**EXERCISE DESCRIPTION:**
Pictures aside, return every line below exactly as written.

----

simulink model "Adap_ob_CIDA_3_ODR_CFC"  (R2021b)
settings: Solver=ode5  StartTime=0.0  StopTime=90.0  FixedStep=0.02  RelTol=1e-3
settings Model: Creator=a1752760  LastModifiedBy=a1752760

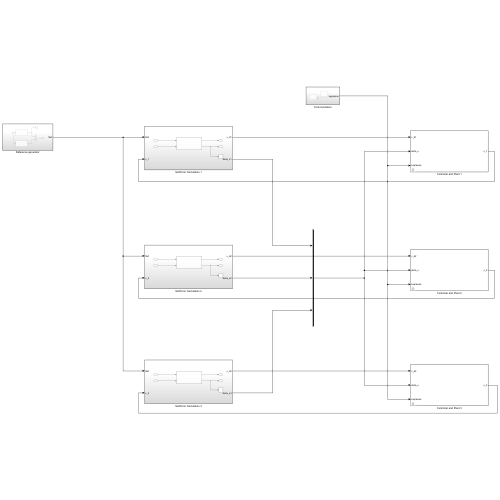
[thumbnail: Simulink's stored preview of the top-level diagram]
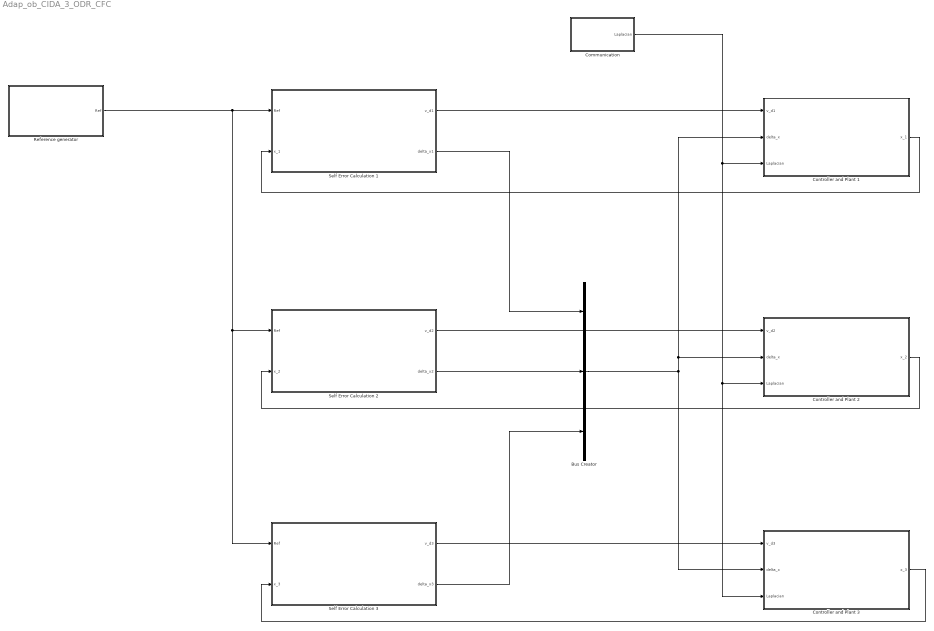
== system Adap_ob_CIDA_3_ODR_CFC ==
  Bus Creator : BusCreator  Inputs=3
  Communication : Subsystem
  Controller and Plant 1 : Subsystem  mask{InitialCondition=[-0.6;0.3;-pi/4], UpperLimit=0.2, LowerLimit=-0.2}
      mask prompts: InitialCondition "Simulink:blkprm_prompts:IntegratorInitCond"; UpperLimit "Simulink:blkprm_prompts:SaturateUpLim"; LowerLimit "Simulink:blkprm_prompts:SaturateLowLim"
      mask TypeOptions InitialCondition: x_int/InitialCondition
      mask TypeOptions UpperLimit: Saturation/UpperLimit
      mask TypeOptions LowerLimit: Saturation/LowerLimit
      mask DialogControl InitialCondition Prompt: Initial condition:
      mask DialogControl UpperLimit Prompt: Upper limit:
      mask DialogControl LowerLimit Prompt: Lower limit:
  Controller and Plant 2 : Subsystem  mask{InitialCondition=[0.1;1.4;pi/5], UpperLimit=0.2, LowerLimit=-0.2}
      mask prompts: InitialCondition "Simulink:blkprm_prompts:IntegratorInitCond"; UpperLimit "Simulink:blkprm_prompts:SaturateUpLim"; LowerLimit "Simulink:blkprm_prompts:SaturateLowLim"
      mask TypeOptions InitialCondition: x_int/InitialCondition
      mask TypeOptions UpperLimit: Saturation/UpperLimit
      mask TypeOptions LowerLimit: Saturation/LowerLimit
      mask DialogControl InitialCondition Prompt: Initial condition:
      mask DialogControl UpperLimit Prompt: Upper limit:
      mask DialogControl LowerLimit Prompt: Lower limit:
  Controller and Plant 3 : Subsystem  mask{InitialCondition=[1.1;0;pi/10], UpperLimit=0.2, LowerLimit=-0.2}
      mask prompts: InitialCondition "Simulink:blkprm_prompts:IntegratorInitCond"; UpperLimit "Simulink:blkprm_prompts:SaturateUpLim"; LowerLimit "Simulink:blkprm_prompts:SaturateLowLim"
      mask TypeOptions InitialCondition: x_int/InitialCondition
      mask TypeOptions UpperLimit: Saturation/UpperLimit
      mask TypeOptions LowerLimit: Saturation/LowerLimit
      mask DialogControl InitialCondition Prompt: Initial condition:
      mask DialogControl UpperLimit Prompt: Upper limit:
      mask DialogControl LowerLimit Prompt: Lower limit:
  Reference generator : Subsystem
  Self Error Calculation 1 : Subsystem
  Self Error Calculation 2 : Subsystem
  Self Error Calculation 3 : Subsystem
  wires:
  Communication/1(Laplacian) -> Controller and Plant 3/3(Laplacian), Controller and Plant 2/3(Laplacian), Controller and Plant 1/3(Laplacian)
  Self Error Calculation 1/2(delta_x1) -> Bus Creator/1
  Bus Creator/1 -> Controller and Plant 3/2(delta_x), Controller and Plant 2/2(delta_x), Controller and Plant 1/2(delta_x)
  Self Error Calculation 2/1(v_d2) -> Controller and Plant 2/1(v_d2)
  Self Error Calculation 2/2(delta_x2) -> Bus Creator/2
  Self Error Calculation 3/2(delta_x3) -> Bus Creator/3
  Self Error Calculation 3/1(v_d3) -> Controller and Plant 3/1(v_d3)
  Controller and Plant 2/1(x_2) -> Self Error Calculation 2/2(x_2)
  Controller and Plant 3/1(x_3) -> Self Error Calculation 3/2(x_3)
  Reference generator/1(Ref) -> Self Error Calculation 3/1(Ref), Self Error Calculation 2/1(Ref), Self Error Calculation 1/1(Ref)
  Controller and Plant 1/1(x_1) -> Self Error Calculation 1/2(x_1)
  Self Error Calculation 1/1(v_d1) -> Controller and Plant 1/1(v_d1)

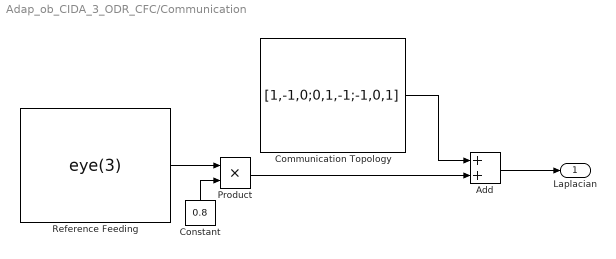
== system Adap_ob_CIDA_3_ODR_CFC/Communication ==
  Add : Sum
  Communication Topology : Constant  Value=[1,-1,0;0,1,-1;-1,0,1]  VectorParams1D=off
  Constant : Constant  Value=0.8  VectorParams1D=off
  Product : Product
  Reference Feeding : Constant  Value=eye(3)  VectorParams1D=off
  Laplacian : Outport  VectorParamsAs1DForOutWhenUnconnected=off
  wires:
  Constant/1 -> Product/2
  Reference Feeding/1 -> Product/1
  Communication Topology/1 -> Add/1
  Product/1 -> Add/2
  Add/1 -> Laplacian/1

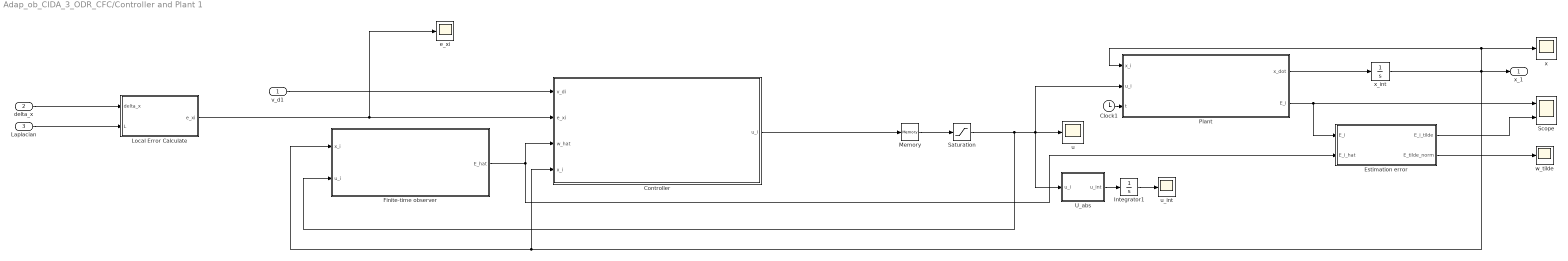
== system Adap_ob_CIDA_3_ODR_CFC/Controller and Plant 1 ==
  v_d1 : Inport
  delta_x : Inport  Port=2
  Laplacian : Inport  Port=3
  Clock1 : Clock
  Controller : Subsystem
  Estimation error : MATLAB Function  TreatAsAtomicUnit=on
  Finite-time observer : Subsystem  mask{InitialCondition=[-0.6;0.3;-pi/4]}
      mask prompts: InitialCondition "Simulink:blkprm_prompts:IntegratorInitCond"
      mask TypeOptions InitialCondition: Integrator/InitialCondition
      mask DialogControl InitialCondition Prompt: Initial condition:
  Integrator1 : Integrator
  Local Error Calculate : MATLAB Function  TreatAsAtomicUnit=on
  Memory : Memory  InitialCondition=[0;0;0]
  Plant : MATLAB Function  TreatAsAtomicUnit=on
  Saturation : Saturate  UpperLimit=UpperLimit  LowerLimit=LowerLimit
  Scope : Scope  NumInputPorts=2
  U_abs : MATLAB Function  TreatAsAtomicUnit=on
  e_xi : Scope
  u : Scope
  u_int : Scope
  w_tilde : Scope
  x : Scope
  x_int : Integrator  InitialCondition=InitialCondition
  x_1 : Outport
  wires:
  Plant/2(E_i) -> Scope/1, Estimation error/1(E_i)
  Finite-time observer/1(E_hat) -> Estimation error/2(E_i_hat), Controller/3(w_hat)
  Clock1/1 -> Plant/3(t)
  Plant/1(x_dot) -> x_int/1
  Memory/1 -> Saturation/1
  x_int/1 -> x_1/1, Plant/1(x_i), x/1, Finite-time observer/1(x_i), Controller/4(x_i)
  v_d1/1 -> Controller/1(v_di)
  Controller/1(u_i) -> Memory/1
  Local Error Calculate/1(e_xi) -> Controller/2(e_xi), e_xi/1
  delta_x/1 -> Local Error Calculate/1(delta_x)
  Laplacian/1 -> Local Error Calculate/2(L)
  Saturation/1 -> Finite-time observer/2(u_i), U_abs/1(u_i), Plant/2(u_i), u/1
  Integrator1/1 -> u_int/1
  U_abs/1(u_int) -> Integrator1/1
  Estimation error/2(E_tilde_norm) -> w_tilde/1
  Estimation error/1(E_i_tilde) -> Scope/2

----

**YOUR RESPONSE:**
simulink model "Adap_ob_CIDA_3_ODR_CFC"  (R2021b)
settings: Solver=ode5  StartTime=0.0  StopTime=90.0  FixedStep=0.02  RelTol=1e-3
settings Model: Creator=a1752760  LastModifiedBy=a1752760

[thumbnail: Simulink's stored preview of the top-level diagram]
== system Adap_ob_CIDA_3_ODR_CFC ==
  Bus Creator : BusCreator  Inputs=3
  Communication : Subsystem
  Controller and Plant 1 : Subsystem  mask{InitialCondition=[-0.6;0.3;-pi/4], UpperLimit=0.2, LowerLimit=-0.2}
      mask prompts: InitialCondition "Simulink:blkprm_prompts:IntegratorInitCond"; UpperLimit "Simulink:blkprm_prompts:SaturateUpLim"; LowerLimit "Simulink:blkprm_prompts:SaturateLowLim"
      mask TypeOptions InitialCondition: x_int/InitialCondition
      mask TypeOptions UpperLimit: Saturation/UpperLimit
      mask TypeOptions LowerLimit: Saturation/LowerLimit
      mask DialogControl InitialCondition Prompt: Initial condition:
      mask DialogControl UpperLimit Prompt: Upper limit:
      mask DialogControl LowerLimit Prompt: Lower limit:
  Controller and Plant 2 : Subsystem  mask{InitialCondition=[0.1;1.4;pi/5], UpperLimit=0.2, LowerLimit=-0.2}
      mask prompts: InitialCondition "Simulink:blkprm_prompts:IntegratorInitCond"; UpperLimit "Simulink:blkprm_prompts:SaturateUpLim"; LowerLimit "Simulink:blkprm_prompts:SaturateLowLim"
      mask TypeOptions InitialCondition: x_int/InitialCondition
      mask TypeOptions UpperLimit: Saturation/UpperLimit
      mask TypeOptions LowerLimit: Saturation/LowerLimit
      mask DialogControl InitialCondition Prompt: Initial condition:
      mask DialogControl UpperLimit Prompt: Upper limit:
      mask DialogControl LowerLimit Prompt: Lower limit:
  Controller and Plant 3 : Subsystem  mask{InitialCondition=[1.1;0;pi/10], UpperLimit=0.2, LowerLimit=-0.2}
      mask prompts: InitialCondition "Simulink:blkprm_prompts:IntegratorInitCond"; UpperLimit "Simulink:blkprm_prompts:SaturateUpLim"; LowerLimit "Simulink:blkprm_prompts:SaturateLowLim"
      mask TypeOptions InitialCondition: x_int/InitialCondition
      mask TypeOptions UpperLimit: Saturation/UpperLimit
      mask TypeOptions LowerLimit: Saturation/LowerLimit
      mask DialogControl InitialCondition Prompt: Initial condition:
      mask DialogControl UpperLimit Prompt: Upper limit:
      mask DialogControl LowerLimit Prompt: Lower limit:
  Reference generator : Subsystem
  Self Error Calculation 1 : Subsystem
  Self Error Calculation 2 : Subsystem
  Self Error Calculation 3 : Subsystem
  wires:
  Communication/1(Laplacian) -> Controller and Plant 3/3(Laplacian), Controller and Plant 2/3(Laplacian), Controller and Plant 1/3(Laplacian)
  Self Error Calculation 1/2(delta_x1) -> Bus Creator/1
  Bus Creator/1 -> Controller and Plant 3/2(delta_x), Controller and Plant 2/2(delta_x), Controller and Plant 1/2(delta_x)
  Self Error Calculation 2/1(v_d2) -> Controller and Plant 2/1(v_d2)
  Self Error Calculation 2/2(delta_x2) -> Bus Creator/2
  Self Error Calculation 3/2(delta_x3) -> Bus Creator/3
  Self Error Calculation 3/1(v_d3) -> Controller and Plant 3/1(v_d3)
  Controller and Plant 2/1(x_2) -> Self Error Calculation 2/2(x_2)
  Controller and Plant 3/1(x_3) -> Self Error Calculation 3/2(x_3)
  Reference generator/1(Ref) -> Self Error Calculation 3/1(Ref), Self Error Calculation 2/1(Ref), Self Error Calculation 1/1(Ref)
  Controller and Plant 1/1(x_1) -> Self Error Calculation 1/2(x_1)
  Self Error Calculation 1/1(v_d1) -> Controller and Plant 1/1(v_d1)

== system Adap_ob_CIDA_3_ODR_CFC/Communication ==
  Add : Sum
  Communication Topology : Constant  Value=[1,-1,0;0,1,-1;-1,0,1]  VectorParams1D=off
  Constant : Constant  Value=0.8  VectorParams1D=off
  Product : Product
  Reference Feeding : Constant  Value=eye(3)  VectorParams1D=off
  Laplacian : Outport  VectorParamsAs1DForOutWhenUnconnected=off
  wires:
  Constant/1 -> Product/2
  Reference Feeding/1 -> Product/1
  Communication Topology/1 -> Add/1
  Product/1 -> Add/2
  Add/1 -> Laplacian/1

== system Adap_ob_CIDA_3_ODR_CFC/Controller and Plant 1 ==
  v_d1 : Inport
  delta_x : Inport  Port=2
  Laplacian : Inport  Port=3
  Clock1 : Clock
  Controller : Subsystem
  Estimation error : MATLAB Function  TreatAsAtomicUnit=on
  Finite-time observer : Subsystem  mask{InitialCondition=[-0.6;0.3;-pi/4]}
      mask prompts: InitialCondition "Simulink:blkprm_prompts:IntegratorInitCond"
      mask TypeOptions InitialCondition: Integrator/InitialCondition
      mask DialogControl InitialCondition Prompt: Initial condition:
  Integrator1 : Integrator
  Local Error Calculate : MATLAB Function  TreatAsAtomicUnit=on
  Memory : Memory  InitialCondition=[0;0;0]
  Plant : MATLAB Function  TreatAsAtomicUnit=on
  Saturation : Saturate  UpperLimit=UpperLimit  LowerLimit=LowerLimit
  Scope : Scope  NumInputPorts=2
  U_abs : MATLAB Function  TreatAsAtomicUnit=on
  e_xi : Scope
  u : Scope
  u_int : Scope
  w_tilde : Scope
  x : Scope
  x_int : Integrator  InitialCondition=InitialCondition
  x_1 : Outport
  wires:
  Plant/2(E_i) -> Scope/1, Estimation error/1(E_i)
  Finite-time observer/1(E_hat) -> Estimation error/2(E_i_hat), Controller/3(w_hat)
  Clock1/1 -> Plant/3(t)
  Plant/1(x_dot) -> x_int/1
  Memory/1 -> Saturation/1
  x_int/1 -> x_1/1, Plant/1(x_i), x/1, Finite-time observer/1(x_i), Controller/4(x_i)
  v_d1/1 -> Controller/1(v_di)
  Controller/1(u_i) -> Memory/1
  Local Error Calculate/1(e_xi) -> Controller/2(e_xi), e_xi/1
  delta_x/1 -> Local Error Calculate/1(delta_x)
  Laplacian/1 -> Local Error Calculate/2(L)
  Saturation/1 -> Finite-time observer/2(u_i), U_abs/1(u_i), Plant/2(u_i), u/1
  Integrator1/1 -> u_int/1
  U_abs/1(u_int) -> Integrator1/1
  Estimation error/2(E_tilde_norm) -> w_tilde/1
  Estimation error/1(E_i_tilde) -> Scope/2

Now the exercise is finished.